(Extracted data entries)
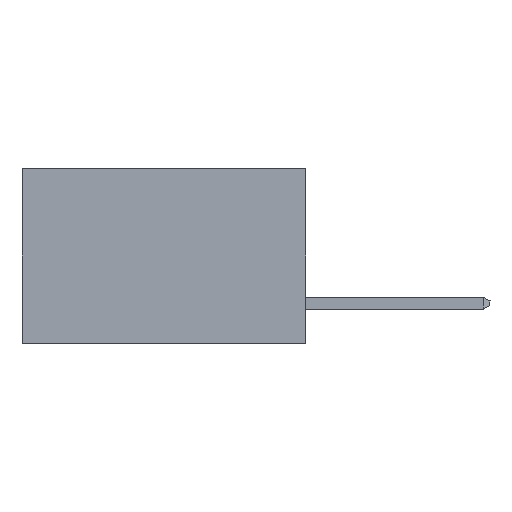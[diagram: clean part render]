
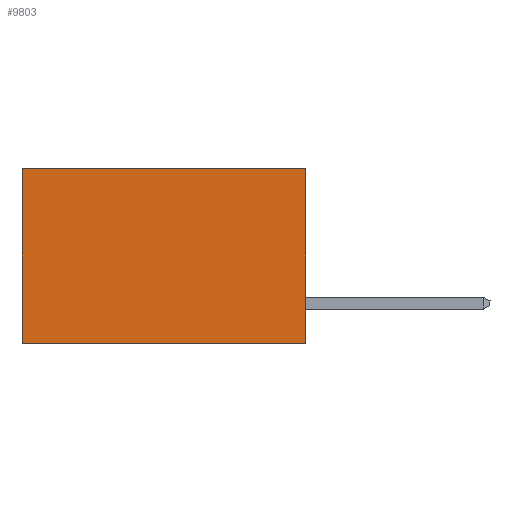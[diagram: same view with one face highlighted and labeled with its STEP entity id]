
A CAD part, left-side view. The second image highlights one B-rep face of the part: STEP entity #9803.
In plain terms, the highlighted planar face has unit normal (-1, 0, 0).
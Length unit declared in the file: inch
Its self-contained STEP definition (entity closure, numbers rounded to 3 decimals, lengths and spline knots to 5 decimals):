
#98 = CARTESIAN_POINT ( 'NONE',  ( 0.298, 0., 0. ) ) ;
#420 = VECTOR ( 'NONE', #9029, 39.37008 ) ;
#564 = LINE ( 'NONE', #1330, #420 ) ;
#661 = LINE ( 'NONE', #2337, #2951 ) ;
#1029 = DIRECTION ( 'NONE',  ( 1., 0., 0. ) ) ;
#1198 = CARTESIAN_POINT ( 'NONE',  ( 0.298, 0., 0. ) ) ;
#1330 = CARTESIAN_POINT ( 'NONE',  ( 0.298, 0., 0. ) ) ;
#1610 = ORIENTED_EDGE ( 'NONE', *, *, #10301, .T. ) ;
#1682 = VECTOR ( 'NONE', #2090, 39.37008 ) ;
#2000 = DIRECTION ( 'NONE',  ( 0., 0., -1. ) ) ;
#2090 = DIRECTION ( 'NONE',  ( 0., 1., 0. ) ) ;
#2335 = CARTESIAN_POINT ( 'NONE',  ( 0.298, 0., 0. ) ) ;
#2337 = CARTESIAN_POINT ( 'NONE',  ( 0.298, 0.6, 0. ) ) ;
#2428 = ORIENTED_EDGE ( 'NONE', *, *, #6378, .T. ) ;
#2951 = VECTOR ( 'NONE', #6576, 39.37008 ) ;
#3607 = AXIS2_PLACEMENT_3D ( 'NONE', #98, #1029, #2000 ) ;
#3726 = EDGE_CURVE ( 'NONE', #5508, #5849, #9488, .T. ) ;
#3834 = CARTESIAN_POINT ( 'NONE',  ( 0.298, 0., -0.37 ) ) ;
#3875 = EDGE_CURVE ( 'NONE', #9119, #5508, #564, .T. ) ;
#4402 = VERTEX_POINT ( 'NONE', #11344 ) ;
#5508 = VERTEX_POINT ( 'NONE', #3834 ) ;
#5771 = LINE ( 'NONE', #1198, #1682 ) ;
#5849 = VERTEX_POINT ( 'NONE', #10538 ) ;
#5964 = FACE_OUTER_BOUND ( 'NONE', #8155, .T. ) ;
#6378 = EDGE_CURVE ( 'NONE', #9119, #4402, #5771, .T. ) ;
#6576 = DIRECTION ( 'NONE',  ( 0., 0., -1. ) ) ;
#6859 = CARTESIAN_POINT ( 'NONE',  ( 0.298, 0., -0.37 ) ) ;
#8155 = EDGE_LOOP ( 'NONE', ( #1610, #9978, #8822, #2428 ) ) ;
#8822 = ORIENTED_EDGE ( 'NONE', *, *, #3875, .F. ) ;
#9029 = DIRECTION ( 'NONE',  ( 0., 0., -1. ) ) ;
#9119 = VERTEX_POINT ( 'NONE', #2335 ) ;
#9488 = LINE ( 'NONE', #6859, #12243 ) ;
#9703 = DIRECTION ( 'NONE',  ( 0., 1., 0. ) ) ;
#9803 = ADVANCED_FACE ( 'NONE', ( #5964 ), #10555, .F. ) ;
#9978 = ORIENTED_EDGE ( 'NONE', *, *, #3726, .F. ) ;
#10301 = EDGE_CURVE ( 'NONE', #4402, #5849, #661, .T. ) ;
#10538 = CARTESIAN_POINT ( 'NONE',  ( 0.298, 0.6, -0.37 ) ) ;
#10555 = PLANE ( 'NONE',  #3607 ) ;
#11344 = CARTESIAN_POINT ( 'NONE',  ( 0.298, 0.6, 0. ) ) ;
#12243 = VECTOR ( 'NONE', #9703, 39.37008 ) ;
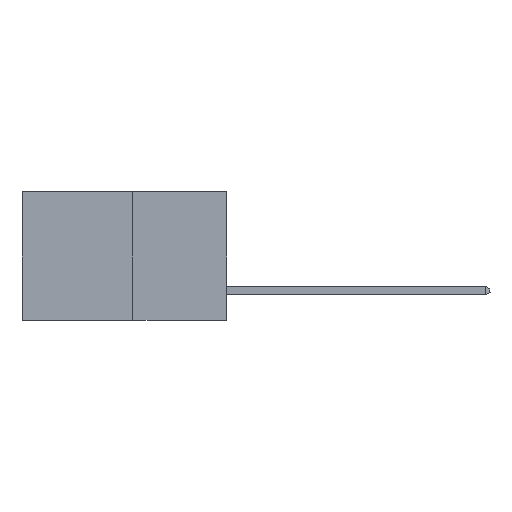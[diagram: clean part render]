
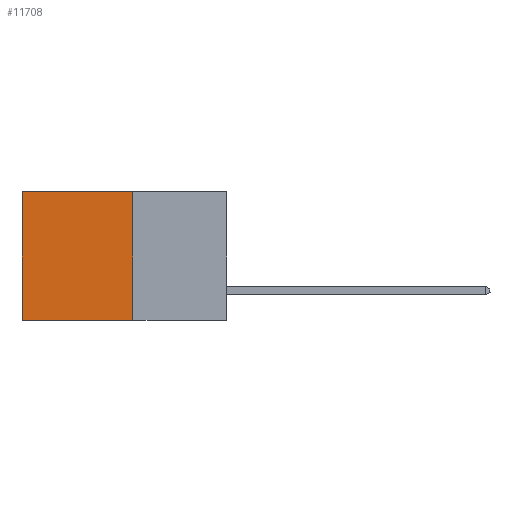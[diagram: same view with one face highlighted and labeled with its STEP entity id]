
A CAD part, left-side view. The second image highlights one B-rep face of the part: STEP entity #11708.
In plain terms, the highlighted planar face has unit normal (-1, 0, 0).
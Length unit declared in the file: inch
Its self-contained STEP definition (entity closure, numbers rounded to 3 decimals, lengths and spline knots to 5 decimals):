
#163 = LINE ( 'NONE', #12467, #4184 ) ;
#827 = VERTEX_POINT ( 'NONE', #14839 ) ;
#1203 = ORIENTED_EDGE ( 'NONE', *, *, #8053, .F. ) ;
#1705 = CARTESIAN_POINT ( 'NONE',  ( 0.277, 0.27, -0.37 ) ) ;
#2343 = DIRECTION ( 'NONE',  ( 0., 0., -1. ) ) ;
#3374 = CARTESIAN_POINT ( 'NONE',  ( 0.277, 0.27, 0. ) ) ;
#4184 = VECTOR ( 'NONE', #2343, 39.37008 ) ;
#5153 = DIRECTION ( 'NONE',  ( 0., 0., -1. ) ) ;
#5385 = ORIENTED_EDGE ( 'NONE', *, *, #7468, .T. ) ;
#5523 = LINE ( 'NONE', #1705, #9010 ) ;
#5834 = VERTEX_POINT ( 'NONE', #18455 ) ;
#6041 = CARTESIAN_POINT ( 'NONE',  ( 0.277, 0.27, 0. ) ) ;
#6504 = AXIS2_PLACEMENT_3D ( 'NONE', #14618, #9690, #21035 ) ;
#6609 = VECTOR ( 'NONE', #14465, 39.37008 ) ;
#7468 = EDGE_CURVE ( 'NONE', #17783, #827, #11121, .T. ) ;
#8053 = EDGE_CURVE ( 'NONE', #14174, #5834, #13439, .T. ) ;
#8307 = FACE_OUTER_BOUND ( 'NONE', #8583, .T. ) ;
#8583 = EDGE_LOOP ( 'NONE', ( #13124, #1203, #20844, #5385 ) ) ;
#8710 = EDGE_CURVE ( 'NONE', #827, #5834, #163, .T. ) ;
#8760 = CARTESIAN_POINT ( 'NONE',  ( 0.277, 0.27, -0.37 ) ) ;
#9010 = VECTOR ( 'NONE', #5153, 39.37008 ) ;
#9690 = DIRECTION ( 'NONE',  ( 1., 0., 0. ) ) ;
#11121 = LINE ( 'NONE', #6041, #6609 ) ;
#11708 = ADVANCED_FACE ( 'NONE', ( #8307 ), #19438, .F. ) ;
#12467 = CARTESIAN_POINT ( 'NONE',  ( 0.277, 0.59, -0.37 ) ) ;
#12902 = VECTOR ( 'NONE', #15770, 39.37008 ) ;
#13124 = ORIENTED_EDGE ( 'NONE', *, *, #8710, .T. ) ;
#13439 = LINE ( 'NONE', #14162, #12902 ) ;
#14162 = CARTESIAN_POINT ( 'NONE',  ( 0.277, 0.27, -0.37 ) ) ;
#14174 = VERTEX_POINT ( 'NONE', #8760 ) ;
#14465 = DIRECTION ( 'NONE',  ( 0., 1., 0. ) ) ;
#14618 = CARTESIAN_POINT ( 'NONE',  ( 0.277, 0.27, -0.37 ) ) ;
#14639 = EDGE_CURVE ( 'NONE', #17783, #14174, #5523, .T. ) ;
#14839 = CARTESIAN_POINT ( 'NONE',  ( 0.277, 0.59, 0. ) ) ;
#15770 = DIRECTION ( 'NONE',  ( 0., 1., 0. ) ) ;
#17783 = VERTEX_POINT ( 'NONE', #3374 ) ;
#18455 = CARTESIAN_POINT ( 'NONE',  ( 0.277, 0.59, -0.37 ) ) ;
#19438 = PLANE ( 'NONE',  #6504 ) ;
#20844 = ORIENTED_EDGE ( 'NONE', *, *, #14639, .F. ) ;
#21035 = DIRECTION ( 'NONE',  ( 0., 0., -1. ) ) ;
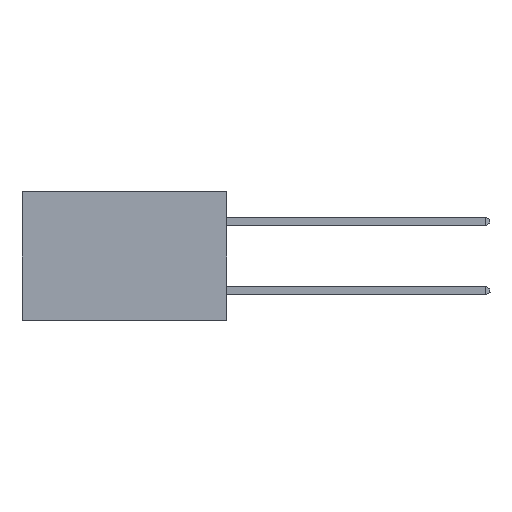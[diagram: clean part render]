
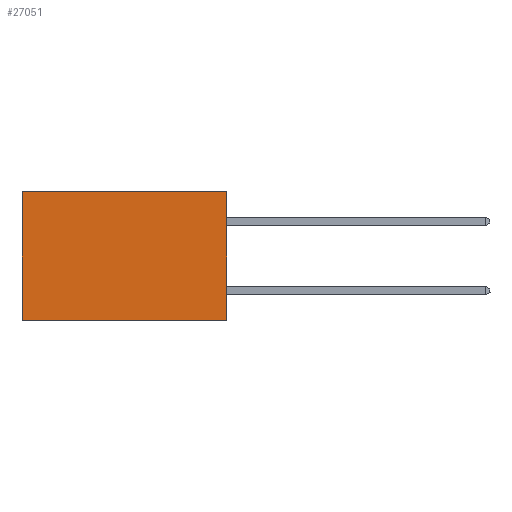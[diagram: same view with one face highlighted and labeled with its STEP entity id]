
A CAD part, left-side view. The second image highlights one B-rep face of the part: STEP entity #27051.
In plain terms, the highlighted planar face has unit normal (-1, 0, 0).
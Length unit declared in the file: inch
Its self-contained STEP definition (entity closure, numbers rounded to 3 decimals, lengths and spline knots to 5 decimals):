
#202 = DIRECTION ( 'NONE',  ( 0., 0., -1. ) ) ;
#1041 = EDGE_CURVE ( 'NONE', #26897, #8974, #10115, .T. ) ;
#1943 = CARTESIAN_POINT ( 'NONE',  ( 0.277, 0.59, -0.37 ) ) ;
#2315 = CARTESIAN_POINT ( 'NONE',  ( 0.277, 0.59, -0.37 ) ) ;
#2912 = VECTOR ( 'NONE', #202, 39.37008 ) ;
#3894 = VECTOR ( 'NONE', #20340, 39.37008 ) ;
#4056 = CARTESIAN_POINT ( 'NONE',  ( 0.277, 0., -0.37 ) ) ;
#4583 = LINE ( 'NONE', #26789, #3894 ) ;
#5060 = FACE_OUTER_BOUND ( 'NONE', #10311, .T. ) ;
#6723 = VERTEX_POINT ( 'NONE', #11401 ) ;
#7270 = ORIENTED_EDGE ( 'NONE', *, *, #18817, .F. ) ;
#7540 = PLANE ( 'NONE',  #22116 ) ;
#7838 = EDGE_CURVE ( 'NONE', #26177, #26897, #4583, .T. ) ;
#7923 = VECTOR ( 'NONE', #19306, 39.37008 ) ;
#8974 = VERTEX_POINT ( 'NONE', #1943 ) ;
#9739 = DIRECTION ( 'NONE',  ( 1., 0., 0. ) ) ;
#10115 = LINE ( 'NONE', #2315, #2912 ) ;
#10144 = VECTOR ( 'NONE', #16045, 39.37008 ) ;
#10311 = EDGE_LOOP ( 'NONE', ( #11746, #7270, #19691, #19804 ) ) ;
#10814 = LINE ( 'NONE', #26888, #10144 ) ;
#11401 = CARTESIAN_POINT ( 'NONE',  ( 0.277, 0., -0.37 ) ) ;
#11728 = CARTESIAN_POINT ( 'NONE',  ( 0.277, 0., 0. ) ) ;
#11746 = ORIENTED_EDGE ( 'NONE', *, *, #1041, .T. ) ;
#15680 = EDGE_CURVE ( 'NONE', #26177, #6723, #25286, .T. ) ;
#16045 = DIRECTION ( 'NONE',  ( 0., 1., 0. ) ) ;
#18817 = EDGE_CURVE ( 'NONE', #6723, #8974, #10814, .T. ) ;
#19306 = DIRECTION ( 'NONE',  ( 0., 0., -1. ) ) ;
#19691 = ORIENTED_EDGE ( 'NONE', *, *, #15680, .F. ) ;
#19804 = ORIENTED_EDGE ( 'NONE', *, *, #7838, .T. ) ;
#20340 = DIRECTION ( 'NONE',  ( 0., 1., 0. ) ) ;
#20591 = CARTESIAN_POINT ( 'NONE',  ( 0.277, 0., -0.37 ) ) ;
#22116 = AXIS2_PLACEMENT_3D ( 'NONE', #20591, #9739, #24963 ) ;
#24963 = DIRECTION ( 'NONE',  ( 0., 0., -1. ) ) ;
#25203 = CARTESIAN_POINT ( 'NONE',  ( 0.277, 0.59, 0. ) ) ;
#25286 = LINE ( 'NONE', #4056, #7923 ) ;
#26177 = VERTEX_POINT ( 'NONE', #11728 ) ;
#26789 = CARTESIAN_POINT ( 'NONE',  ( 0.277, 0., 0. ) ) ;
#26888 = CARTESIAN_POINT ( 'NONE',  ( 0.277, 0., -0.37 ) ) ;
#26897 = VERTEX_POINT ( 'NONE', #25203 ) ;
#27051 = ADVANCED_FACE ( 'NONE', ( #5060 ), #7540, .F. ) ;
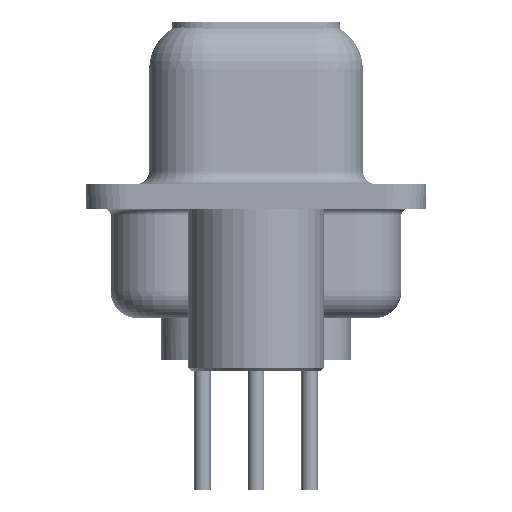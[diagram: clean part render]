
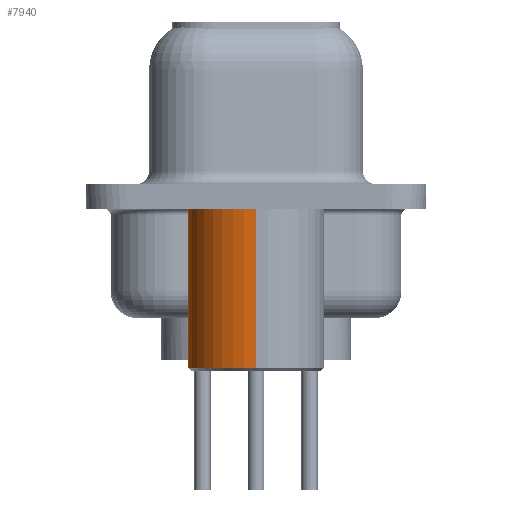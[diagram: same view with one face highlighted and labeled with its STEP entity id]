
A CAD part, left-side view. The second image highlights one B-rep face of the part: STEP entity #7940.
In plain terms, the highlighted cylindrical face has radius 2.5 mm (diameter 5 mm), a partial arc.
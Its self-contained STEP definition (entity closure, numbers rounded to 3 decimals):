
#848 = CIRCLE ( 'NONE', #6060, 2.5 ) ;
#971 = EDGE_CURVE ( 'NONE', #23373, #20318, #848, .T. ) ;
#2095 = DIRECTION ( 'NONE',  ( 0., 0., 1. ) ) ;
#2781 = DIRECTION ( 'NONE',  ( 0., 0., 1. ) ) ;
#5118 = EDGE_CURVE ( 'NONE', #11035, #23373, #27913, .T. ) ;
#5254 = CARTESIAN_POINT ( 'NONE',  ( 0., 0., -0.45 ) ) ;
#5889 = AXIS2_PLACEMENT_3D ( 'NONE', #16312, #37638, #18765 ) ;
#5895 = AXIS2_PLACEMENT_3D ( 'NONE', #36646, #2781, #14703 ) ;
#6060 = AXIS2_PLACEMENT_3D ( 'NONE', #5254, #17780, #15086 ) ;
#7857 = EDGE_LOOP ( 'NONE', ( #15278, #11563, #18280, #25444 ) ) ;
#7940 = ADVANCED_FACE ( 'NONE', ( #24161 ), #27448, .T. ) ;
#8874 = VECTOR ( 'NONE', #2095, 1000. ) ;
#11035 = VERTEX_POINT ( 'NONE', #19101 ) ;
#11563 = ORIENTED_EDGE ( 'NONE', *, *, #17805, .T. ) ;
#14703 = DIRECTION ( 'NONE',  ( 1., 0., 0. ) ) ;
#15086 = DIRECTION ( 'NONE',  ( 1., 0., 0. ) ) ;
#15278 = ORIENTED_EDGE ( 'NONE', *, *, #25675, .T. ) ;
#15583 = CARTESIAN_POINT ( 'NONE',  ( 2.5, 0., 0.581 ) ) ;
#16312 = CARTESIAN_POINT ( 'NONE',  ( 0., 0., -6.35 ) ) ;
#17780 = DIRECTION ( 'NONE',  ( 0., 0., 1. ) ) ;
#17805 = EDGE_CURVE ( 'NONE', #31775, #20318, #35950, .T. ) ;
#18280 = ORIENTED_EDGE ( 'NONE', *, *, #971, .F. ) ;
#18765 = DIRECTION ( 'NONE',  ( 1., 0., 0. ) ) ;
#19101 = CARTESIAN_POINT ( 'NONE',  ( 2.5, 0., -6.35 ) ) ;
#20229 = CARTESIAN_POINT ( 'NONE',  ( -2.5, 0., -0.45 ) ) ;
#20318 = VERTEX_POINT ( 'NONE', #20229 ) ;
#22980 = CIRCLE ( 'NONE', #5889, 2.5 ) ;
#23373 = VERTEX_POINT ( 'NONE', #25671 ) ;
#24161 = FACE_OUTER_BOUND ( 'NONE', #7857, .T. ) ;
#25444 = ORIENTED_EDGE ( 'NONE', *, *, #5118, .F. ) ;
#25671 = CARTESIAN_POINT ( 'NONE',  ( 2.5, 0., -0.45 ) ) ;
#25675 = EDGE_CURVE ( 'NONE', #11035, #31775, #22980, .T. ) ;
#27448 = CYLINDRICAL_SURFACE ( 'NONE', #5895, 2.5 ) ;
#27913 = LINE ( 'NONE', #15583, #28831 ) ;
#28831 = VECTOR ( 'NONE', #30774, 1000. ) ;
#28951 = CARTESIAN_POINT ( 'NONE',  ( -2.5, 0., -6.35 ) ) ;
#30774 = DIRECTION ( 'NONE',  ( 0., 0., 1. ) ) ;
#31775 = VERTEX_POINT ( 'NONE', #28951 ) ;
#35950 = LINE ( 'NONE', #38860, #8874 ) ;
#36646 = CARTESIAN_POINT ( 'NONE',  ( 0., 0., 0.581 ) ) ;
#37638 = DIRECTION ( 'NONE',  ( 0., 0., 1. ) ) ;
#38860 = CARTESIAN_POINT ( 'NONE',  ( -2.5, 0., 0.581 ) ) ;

Problem details » Taking the records above, print only and exactly the lines from the line with "#11344 = CARTESIAN_POINT" to the line with "#5385 = ORIENTED_EDGE", both kept, and exclude pictures.

Result of the exercise »
#11344 = CARTESIAN_POINT ( 'NONE',  ( 0.298, 0.6, 0. ) ) ;
#12243 = VECTOR ( 'NONE', #9703, 39.37008 ) ;
[diagram: clean part render]
[diagram: same view with one face highlighted and labeled with its STEP entity id]
A CAD part, left-side view. The second image highlights one B-rep face of the part: STEP entity #11708.
In plain terms, the highlighted planar face has unit normal (-1, 0, 0).
Length unit declared in the file: inch
Its self-contained STEP definition (entity closure, numbers rounded to 3 decimals, lengths and spline knots to 5 decimals):
#163 = LINE ( 'NONE', #12467, #4184 ) ;
#827 = VERTEX_POINT ( 'NONE', #14839 ) ;
#1203 = ORIENTED_EDGE ( 'NONE', *, *, #8053, .F. ) ;
#1705 = CARTESIAN_POINT ( 'NONE',  ( 0.277, 0.27, -0.37 ) ) ;
#2343 = DIRECTION ( 'NONE',  ( 0., 0., -1. ) ) ;
#3374 = CARTESIAN_POINT ( 'NONE',  ( 0.277, 0.27, 0. ) ) ;
#4184 = VECTOR ( 'NONE', #2343, 39.37008 ) ;
#5153 = DIRECTION ( 'NONE',  ( 0., 0., -1. ) ) ;
#5385 = ORIENTED_EDGE ( 'NONE', *, *, #7468, .T. ) ;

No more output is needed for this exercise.